Still, the latest legislation is a small step meant to assist the millions of Americans who haven’t saved for retirement.

Whether we want to or not, and regardless of what kind of investment and retirement we want. Fortified democracy at its finest!

Meanwhile, the coming Collapse is going to be epic. One imagines the Red Horse of Revelation riding at that time.

3 thoughts on “Are Stock Markets Where Money Goes To Die? Your Secure 2.0 Retirement”

  1. We are programmed to receive
    You can check out any time you like
    But you can never leave

    I am loathe the Eagles, but this insight is obvious where fiat currency coupled with high taxation is in play.

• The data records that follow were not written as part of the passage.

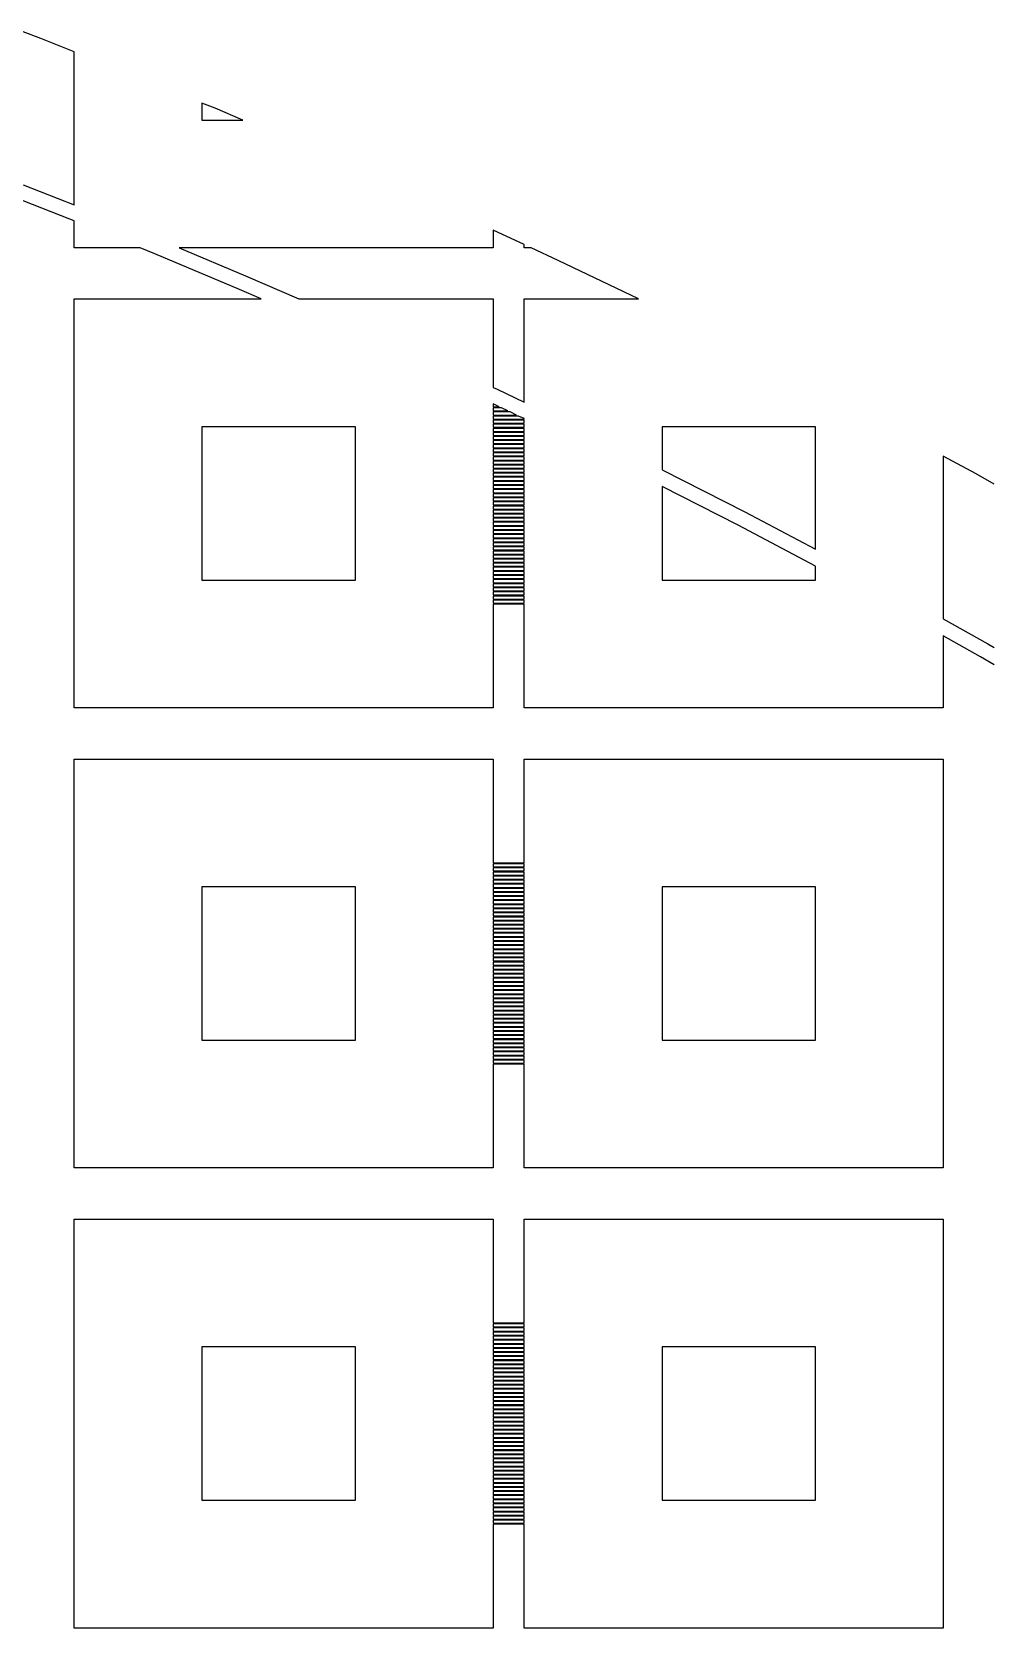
# Model space of a CAD drawing. Extents: x 40 to 187, y -3 to 150.
# Drawn here: x 137.88 to 147.48, y 129.1 to 145.07 of the extents above; entities that cross this region are included whole.
import ezdxf

# ---------------------------------------------------------------- set-up
doc = ezdxf.new("R2010")
doc.units = 0

msp = doc.modelspace()

# ---------------------------------------------------------------- linework, layer by layer
for p, q in [((137.973, 145.001), (137.795, 145.068)), ((138.307, 144.87), (137.973, 145.001)), ((138.307, 143.339), (138.307, 144.87)), ((139.716, 144.304), (139.585, 144.357)), ((139.585, 144.357), (139.585, 144.187)), ((139.585, 144.187), (139.995, 144.187)), ((139.995, 144.187), (139.716, 144.304)), ((137.795, 143.54), (138.307, 143.339)), ((138.262, 143.196), (137.795, 143.379)), ((138.307, 143.177), (138.262, 143.196)), ((138.307, 142.908), (138.307, 143.177)), ((142.806, 142.942), (142.499, 143.085)), ((142.499, 143.085), (142.499, 142.908)), ((138.967, 142.908), (138.307, 142.908)), ((139.113, 142.849), (138.967, 142.908)), ((142.499, 142.908), (139.358, 142.908)), ((139.358, 142.908), (140.02, 142.63)), ((142.806, 142.908), (142.806, 142.942)), ((142.878, 142.908), (142.806, 142.908)), ((143.149, 142.782), (142.878, 142.908)), ((139.961, 142.492), (139.113, 142.849)), ((143.951, 142.397), (143.149, 142.782)), ((140.02, 142.63), (140.553, 142.397)), ((140.178, 142.397), (139.961, 142.492)), ((138.307, 138.307), (138.307, 142.397)), ((138.307, 142.397), (140.178, 142.397)), ((140.553, 142.397), (142.499, 142.397)), ((142.499, 142.397), (142.499, 141.513)), ((142.806, 142.397), (143.951, 142.397)), ((142.806, 141.366), (142.806, 142.397)), ((142.499, 141.513), (142.539, 141.494)), ((142.539, 141.494), (142.806, 141.366)), ((142.499, 141.347), (142.499, 141.318)), ((142.559, 141.318), (142.499, 141.347)), ((142.499, 141.318), (142.559, 141.318)), ((142.581, 141.308), (142.499, 141.308)), ((142.499, 141.308), (142.499, 141.277)), ((142.645, 141.277), (142.581, 141.308)), ((142.499, 141.277), (142.645, 141.277)), ((142.666, 141.267), (142.499, 141.267)), ((142.499, 141.267), (142.499, 141.236)), ((142.499, 141.236), (142.73, 141.236)), ((142.751, 141.226), (142.499, 141.226)), ((142.499, 141.226), (142.499, 141.195)), ((142.499, 141.195), (142.806, 141.195)), ((142.806, 141.185), (142.499, 141.185)), ((142.499, 141.185), (142.499, 141.155)), ((142.499, 141.155), (142.806, 141.155)), ((142.806, 141.144), (142.499, 141.144)), ((142.499, 141.144), (142.499, 141.114)), ((142.73, 141.236), (142.666, 141.267)), ((142.806, 141.2), (142.751, 141.226)), ((142.806, 141.195), (142.806, 141.2)), ((142.806, 141.155), (142.806, 141.185)), ((142.806, 141.114), (142.806, 141.144)), ((141.119, 141.119), (139.585, 141.119)), ((139.585, 141.119), (139.585, 139.585)), ((141.119, 139.585), (141.119, 141.119)), ((142.499, 141.114), (142.806, 141.114)), ((142.806, 141.103), (142.499, 141.103)), ((142.499, 141.103), (142.499, 141.073)), ((142.499, 141.073), (142.806, 141.073)), ((142.806, 141.063), (142.499, 141.063)), ((142.499, 141.063), (142.499, 141.032)), ((142.499, 141.032), (142.806, 141.032)), ((142.806, 141.022), (142.499, 141.022)), ((142.499, 141.022), (142.499, 140.991)), ((142.499, 140.991), (142.806, 140.991)), ((142.806, 140.981), (142.499, 140.981)), ((142.499, 140.981), (142.499, 140.95)), ((142.806, 141.073), (142.806, 141.103)), ((142.806, 141.032), (142.806, 141.063)), ((142.806, 140.991), (142.806, 141.022)), ((142.806, 140.95), (142.806, 140.981)), ((145.72, 141.119), (144.187, 141.119)), ((144.187, 141.119), (144.187, 140.69)), ((145.72, 139.896), (145.72, 141.119)), ((142.499, 140.95), (142.806, 140.95)), ((142.806, 140.94), (142.499, 140.94)), ((142.499, 140.94), (142.499, 140.909)), ((142.499, 140.909), (142.806, 140.909)), ((142.806, 140.899), (142.499, 140.899)), ((142.499, 140.899), (142.499, 140.868)), ((142.499, 140.868), (142.806, 140.868)), ((142.806, 140.858), (142.499, 140.858)), ((142.499, 140.858), (142.499, 140.827)), ((142.499, 140.827), (142.806, 140.827)), ((142.806, 140.817), (142.499, 140.817)), ((142.499, 140.817), (142.499, 140.786)), ((142.806, 140.909), (142.806, 140.94)), ((142.806, 140.868), (142.806, 140.899)), ((142.806, 140.827), (142.806, 140.858)), ((142.806, 140.786), (142.806, 140.817)), ((147.328, 140.647), (146.999, 140.825)), ((146.999, 140.825), (146.999, 139.198)), ((142.499, 140.786), (142.806, 140.786)), ((142.806, 140.776), (142.499, 140.776)), ((142.499, 140.776), (142.499, 140.746)), ((142.499, 140.746), (142.806, 140.746)), ((142.806, 140.735), (142.499, 140.735)), ((142.499, 140.735), (142.499, 140.705)), ((142.499, 140.705), (142.806, 140.705)), ((142.806, 140.694), (142.499, 140.694)), ((142.499, 140.694), (142.499, 140.664)), ((142.499, 140.664), (142.806, 140.664)), ((142.806, 140.654), (142.499, 140.654)), ((142.499, 140.654), (142.499, 140.623)), ((142.806, 140.746), (142.806, 140.776)), ((142.806, 140.705), (142.806, 140.735)), ((142.806, 140.664), (142.806, 140.694)), ((142.806, 140.623), (142.806, 140.654)), ((144.187, 140.69), (144.195, 140.686)), ((144.195, 140.686), (145.016, 140.267)), ((142.499, 140.623), (142.806, 140.623)), ((142.806, 140.613), (142.499, 140.613)), ((142.499, 140.613), (142.499, 140.582)), ((142.499, 140.582), (142.806, 140.582)), ((142.806, 140.572), (142.499, 140.572)), ((142.499, 140.572), (142.499, 140.541)), ((142.499, 140.541), (142.806, 140.541)), ((142.806, 140.531), (142.499, 140.531)), ((142.499, 140.531), (142.499, 140.5)), ((142.499, 140.5), (142.806, 140.5)), ((142.806, 140.582), (142.806, 140.613)), ((142.806, 140.541), (142.806, 140.572)), ((142.806, 140.5), (142.806, 140.531)), ((144.947, 140.134), (144.187, 140.522)), ((144.187, 140.522), (144.187, 139.585)), ((147.51, 140.545), (147.328, 140.647)), ((142.806, 140.49), (142.499, 140.49)), ((142.499, 140.49), (142.499, 140.459)), ((142.499, 140.459), (142.806, 140.459)), ((142.806, 140.449), (142.499, 140.449)), ((142.499, 140.449), (142.499, 140.418)), ((142.499, 140.418), (142.806, 140.418)), ((142.806, 140.408), (142.499, 140.408)), ((142.499, 140.408), (142.499, 140.377)), ((142.499, 140.377), (142.806, 140.377)), ((142.806, 140.367), (142.499, 140.367)), ((142.499, 140.367), (142.499, 140.337)), ((142.499, 140.337), (142.806, 140.337)), ((142.806, 140.459), (142.806, 140.49)), ((142.806, 140.418), (142.806, 140.449)), ((142.806, 140.377), (142.806, 140.408)), ((142.806, 140.337), (142.806, 140.367)), ((142.806, 140.326), (142.499, 140.326)), ((142.499, 140.326), (142.499, 140.296)), ((142.499, 140.296), (142.806, 140.296)), ((142.806, 140.285), (142.499, 140.285)), ((142.499, 140.285), (142.499, 140.255)), ((142.499, 140.255), (142.806, 140.255)), ((142.806, 140.244), (142.499, 140.244)), ((142.499, 140.244), (142.499, 140.214)), ((142.499, 140.214), (142.806, 140.214)), ((142.806, 140.204), (142.499, 140.204)), ((142.499, 140.204), (142.499, 140.173)), ((142.499, 140.173), (142.806, 140.173)), ((142.806, 140.296), (142.806, 140.326)), ((142.806, 140.255), (142.806, 140.285)), ((142.806, 140.214), (142.806, 140.244)), ((142.806, 140.173), (142.806, 140.204)), ((145.016, 140.267), (145.72, 139.896)), ((142.806, 140.163), (142.499, 140.163)), ((142.499, 140.163), (142.499, 140.132)), ((142.499, 140.132), (142.806, 140.132)), ((142.806, 140.122), (142.499, 140.122)), ((142.499, 140.122), (142.499, 140.091)), ((142.499, 140.091), (142.806, 140.091)), ((142.806, 140.081), (142.499, 140.081)), ((142.499, 140.081), (142.499, 140.05)), ((142.499, 140.05), (142.806, 140.05)), ((142.806, 140.04), (142.499, 140.04)), ((142.499, 140.04), (142.499, 140.009)), ((142.806, 140.132), (142.806, 140.163)), ((142.806, 140.091), (142.806, 140.122)), ((142.806, 140.05), (142.806, 140.081)), ((142.806, 140.009), (142.806, 140.04)), ((145.72, 139.726), (144.947, 140.134)), ((142.499, 140.009), (142.806, 140.009)), ((142.806, 139.999), (142.499, 139.999)), ((142.499, 139.999), (142.499, 139.968)), ((142.499, 139.968), (142.806, 139.968)), ((142.806, 139.958), (142.499, 139.958)), ((142.499, 139.958), (142.499, 139.927)), ((142.499, 139.927), (142.806, 139.927)), ((142.806, 139.917), (142.499, 139.917)), ((142.499, 139.917), (142.499, 139.887)), ((142.499, 139.887), (142.806, 139.887)), ((142.806, 139.876), (142.499, 139.876)), ((142.499, 139.876), (142.499, 139.846)), ((142.806, 139.968), (142.806, 139.999)), ((142.806, 139.927), (142.806, 139.958)), ((142.806, 139.887), (142.806, 139.917)), ((142.806, 139.846), (142.806, 139.876)), ((142.499, 139.846), (142.806, 139.846)), ((142.806, 139.835), (142.499, 139.835)), ((142.499, 139.835), (142.499, 139.805)), ((142.499, 139.805), (142.806, 139.805)), ((142.806, 139.795), (142.499, 139.795)), ((142.499, 139.795), (142.499, 139.764)), ((142.499, 139.764), (142.806, 139.764)), ((142.806, 139.754), (142.499, 139.754)), ((142.499, 139.754), (142.499, 139.723)), ((142.499, 139.723), (142.806, 139.723)), ((142.806, 139.713), (142.499, 139.713)), ((142.499, 139.713), (142.499, 139.682)), ((142.806, 139.805), (142.806, 139.835)), ((142.806, 139.764), (142.806, 139.795)), ((142.806, 139.723), (142.806, 139.754)), ((142.806, 139.682), (142.806, 139.713)), ((145.72, 139.585), (145.72, 139.726)), ((139.585, 139.585), (141.119, 139.585)), ((142.499, 139.682), (142.806, 139.682)), ((142.806, 139.672), (142.499, 139.672)), ((142.499, 139.672), (142.499, 139.641)), ((142.499, 139.641), (142.806, 139.641)), ((142.806, 139.631), (142.499, 139.631)), ((142.499, 139.631), (142.499, 139.6)), ((142.499, 139.6), (142.806, 139.6)), ((142.806, 139.59), (142.499, 139.59)), ((142.499, 139.59), (142.499, 139.559)), ((142.499, 139.559), (142.806, 139.559)), ((142.806, 139.549), (142.499, 139.549)), ((142.499, 139.549), (142.499, 139.518)), ((142.806, 139.641), (142.806, 139.672)), ((142.806, 139.6), (142.806, 139.631)), ((142.806, 139.559), (142.806, 139.59)), ((142.806, 139.518), (142.806, 139.549)), ((144.187, 139.585), (145.72, 139.585)), ((142.499, 139.518), (142.806, 139.518)), ((142.806, 139.508), (142.499, 139.508)), ((142.499, 139.508), (142.499, 139.478)), ((142.499, 139.478), (142.806, 139.478)), ((142.806, 139.467), (142.499, 139.467)), ((142.499, 139.467), (142.499, 139.437)), ((142.499, 139.437), (142.806, 139.437)), ((142.806, 139.426), (142.499, 139.426)), ((142.499, 139.426), (142.499, 139.396)), ((142.499, 139.396), (142.806, 139.396)), ((142.806, 139.385), (142.499, 139.385)), ((142.499, 139.385), (142.499, 139.355)), ((142.806, 139.478), (142.806, 139.508)), ((142.806, 139.437), (142.806, 139.467)), ((142.806, 139.396), (142.806, 139.426)), ((142.806, 139.355), (142.806, 139.385)), ((142.499, 139.355), (142.806, 139.355)), ((142.806, 139.345), (142.499, 139.345)), ((142.499, 139.345), (142.499, 138.307)), ((142.806, 138.307), (142.806, 139.345)), ((146.999, 139.198), (147.445, 138.949)), ((147.371, 138.818), (146.999, 139.026)), ((146.999, 139.026), (146.999, 138.307)), ((147.445, 138.949), (147.51, 138.912)), ((147.51, 138.739), (147.371, 138.818)), ((142.499, 138.307), (138.307, 138.307)), ((146.999, 138.307), (142.806, 138.307)), ((138.307, 133.705), (138.307, 137.795)), ((138.307, 137.795), (142.499, 137.795)), ((142.499, 137.795), (142.499, 136.757)), ((142.806, 136.757), (142.806, 137.795)), ((142.806, 137.795), (146.999, 137.795)), ((146.999, 137.795), (146.999, 133.705)), ((142.499, 136.757), (142.806, 136.757)), ((142.806, 136.747), (142.499, 136.747)), ((142.499, 136.747), (142.499, 136.716)), ((142.499, 136.716), (142.806, 136.716)), ((142.806, 136.706), (142.499, 136.706)), ((142.499, 136.706), (142.499, 136.676)), ((142.499, 136.676), (142.806, 136.676)), ((142.806, 136.665), (142.499, 136.665)), ((142.499, 136.665), (142.499, 136.635)), ((142.806, 136.716), (142.806, 136.747)), ((142.806, 136.676), (142.806, 136.706)), ((142.806, 136.635), (142.806, 136.665)), ((141.119, 136.517), (139.585, 136.517)), ((139.585, 136.517), (139.585, 134.983)), ((141.119, 134.983), (141.119, 136.517)), ((142.499, 136.635), (142.806, 136.635)), ((142.806, 136.624), (142.499, 136.624)), ((142.499, 136.624), (142.499, 136.594)), ((142.499, 136.594), (142.806, 136.594)), ((142.806, 136.584), (142.499, 136.584)), ((142.499, 136.584), (142.499, 136.553)), ((142.499, 136.553), (142.806, 136.553)), ((142.806, 136.543), (142.499, 136.543)), ((142.499, 136.543), (142.499, 136.512)), ((142.499, 136.512), (142.806, 136.512)), ((142.806, 136.502), (142.499, 136.502)), ((142.499, 136.502), (142.499, 136.471)), ((142.806, 136.594), (142.806, 136.624)), ((142.806, 136.553), (142.806, 136.584)), ((142.806, 136.512), (142.806, 136.543)), ((142.806, 136.471), (142.806, 136.502)), ((145.72, 136.517), (144.187, 136.517)), ((144.187, 136.517), (144.187, 134.983)), ((145.72, 134.983), (145.72, 136.517)), ((142.499, 136.471), (142.806, 136.471)), ((142.806, 136.461), (142.499, 136.461)), ((142.499, 136.461), (142.499, 136.43)), ((142.499, 136.43), (142.806, 136.43)), ((142.806, 136.42), (142.499, 136.42)), ((142.499, 136.42), (142.499, 136.389)), ((142.499, 136.389), (142.806, 136.389)), ((142.806, 136.379), (142.499, 136.379)), ((142.499, 136.379), (142.499, 136.348)), ((142.499, 136.348), (142.806, 136.348)), ((142.806, 136.43), (142.806, 136.461)), ((142.806, 136.389), (142.806, 136.42)), ((142.806, 136.348), (142.806, 136.379)), ((142.806, 136.338), (142.499, 136.338)), ((142.499, 136.338), (142.499, 136.307)), ((142.499, 136.307), (142.806, 136.307)), ((142.806, 136.297), (142.499, 136.297)), ((142.499, 136.297), (142.499, 136.267)), ((142.499, 136.267), (142.806, 136.267)), ((142.806, 136.256), (142.499, 136.256)), ((142.499, 136.256), (142.499, 136.226)), ((142.499, 136.226), (142.806, 136.226)), ((142.806, 136.215), (142.499, 136.215)), ((142.499, 136.215), (142.499, 136.185)), ((142.499, 136.185), (142.806, 136.185)), ((142.806, 136.307), (142.806, 136.338)), ((142.806, 136.267), (142.806, 136.297)), ((142.806, 136.226), (142.806, 136.256)), ((142.806, 136.185), (142.806, 136.215)), ((142.806, 136.175), (142.499, 136.175)), ((142.499, 136.175), (142.499, 136.144)), ((142.499, 136.144), (142.806, 136.144)), ((142.806, 136.134), (142.499, 136.134)), ((142.499, 136.134), (142.499, 136.103)), ((142.499, 136.103), (142.806, 136.103)), ((142.806, 136.093), (142.499, 136.093)), ((142.499, 136.093), (142.499, 136.062)), ((142.499, 136.062), (142.806, 136.062)), ((142.806, 136.052), (142.499, 136.052)), ((142.499, 136.052), (142.499, 136.021)), ((142.806, 136.144), (142.806, 136.175)), ((142.806, 136.103), (142.806, 136.134)), ((142.806, 136.062), (142.806, 136.093)), ((142.806, 136.021), (142.806, 136.052)), ((142.499, 136.021), (142.806, 136.021)), ((142.806, 136.011), (142.499, 136.011)), ((142.499, 136.011), (142.499, 135.98)), ((142.499, 135.98), (142.806, 135.98)), ((142.806, 135.97), (142.499, 135.97)), ((142.499, 135.97), (142.499, 135.939)), ((142.499, 135.939), (142.806, 135.939)), ((142.806, 135.929), (142.499, 135.929)), ((142.499, 135.929), (142.499, 135.898)), ((142.499, 135.898), (142.806, 135.898)), ((142.806, 135.888), (142.499, 135.888)), ((142.499, 135.888), (142.499, 135.858)), ((142.806, 135.98), (142.806, 136.011)), ((142.806, 135.939), (142.806, 135.97)), ((142.806, 135.898), (142.806, 135.929)), ((142.806, 135.858), (142.806, 135.888)), ((142.499, 135.858), (142.806, 135.858)), ((142.806, 135.847), (142.499, 135.847)), ((142.499, 135.847), (142.499, 135.817)), ((142.499, 135.817), (142.806, 135.817)), ((142.806, 135.806), (142.499, 135.806)), ((142.499, 135.806), (142.499, 135.776)), ((142.499, 135.776), (142.806, 135.776)), ((142.806, 135.765), (142.499, 135.765)), ((142.499, 135.765), (142.499, 135.735)), ((142.499, 135.735), (142.806, 135.735)), ((142.806, 135.725), (142.499, 135.725)), ((142.499, 135.725), (142.499, 135.694)), ((142.806, 135.817), (142.806, 135.847)), ((142.806, 135.776), (142.806, 135.806)), ((142.806, 135.735), (142.806, 135.765)), ((142.806, 135.694), (142.806, 135.725)), ((142.499, 135.694), (142.806, 135.694)), ((142.806, 135.684), (142.499, 135.684)), ((142.499, 135.684), (142.499, 135.653)), ((142.499, 135.653), (142.806, 135.653)), ((142.806, 135.643), (142.499, 135.643)), ((142.499, 135.643), (142.499, 135.612)), ((142.499, 135.612), (142.806, 135.612)), ((142.806, 135.602), (142.499, 135.602)), ((142.499, 135.602), (142.499, 135.571)), ((142.499, 135.571), (142.806, 135.571)), ((142.806, 135.561), (142.499, 135.561)), ((142.499, 135.561), (142.499, 135.53)), ((142.806, 135.653), (142.806, 135.684)), ((142.806, 135.612), (142.806, 135.643)), ((142.806, 135.571), (142.806, 135.602)), ((142.806, 135.53), (142.806, 135.561)), ((142.499, 135.53), (142.806, 135.53)), ((142.806, 135.52), (142.499, 135.52)), ((142.499, 135.52), (142.499, 135.489)), ((142.499, 135.489), (142.806, 135.489)), ((142.806, 135.479), (142.499, 135.479)), ((142.499, 135.479), (142.499, 135.448)), ((142.499, 135.448), (142.806, 135.448)), ((142.806, 135.438), (142.499, 135.438)), ((142.499, 135.438), (142.499, 135.408)), ((142.499, 135.408), (142.806, 135.408)), ((142.806, 135.397), (142.499, 135.397)), ((142.499, 135.397), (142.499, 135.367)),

  2. Inre retirement funding, I’ve been seeking non-traditional alternatives to 401Ks, IRAs (Roth and standard), and annuities for years, but to no avail. The IRS has made it its missiin to ensure that we slaves funnel all of our “retirement” funding into the Wall Street casino in one way or another – or face nasty tax penalties. The primary mission of the IRS, like that of all agencies of the American Deep State, is first and foremost to ensure the health of the Bankster Plunderbund class at our expense.

  3. So true. I have a 401k. I am putting 14% of my income into it, mainly for tax reasons. But the money, while technically existing, is basically inaccessible to me. I can withdraw only a small amount of it, and only then by paying income tax on it AND a huge “penalty” on top of that for withdrawing it. And it’s all funneled into the stock market.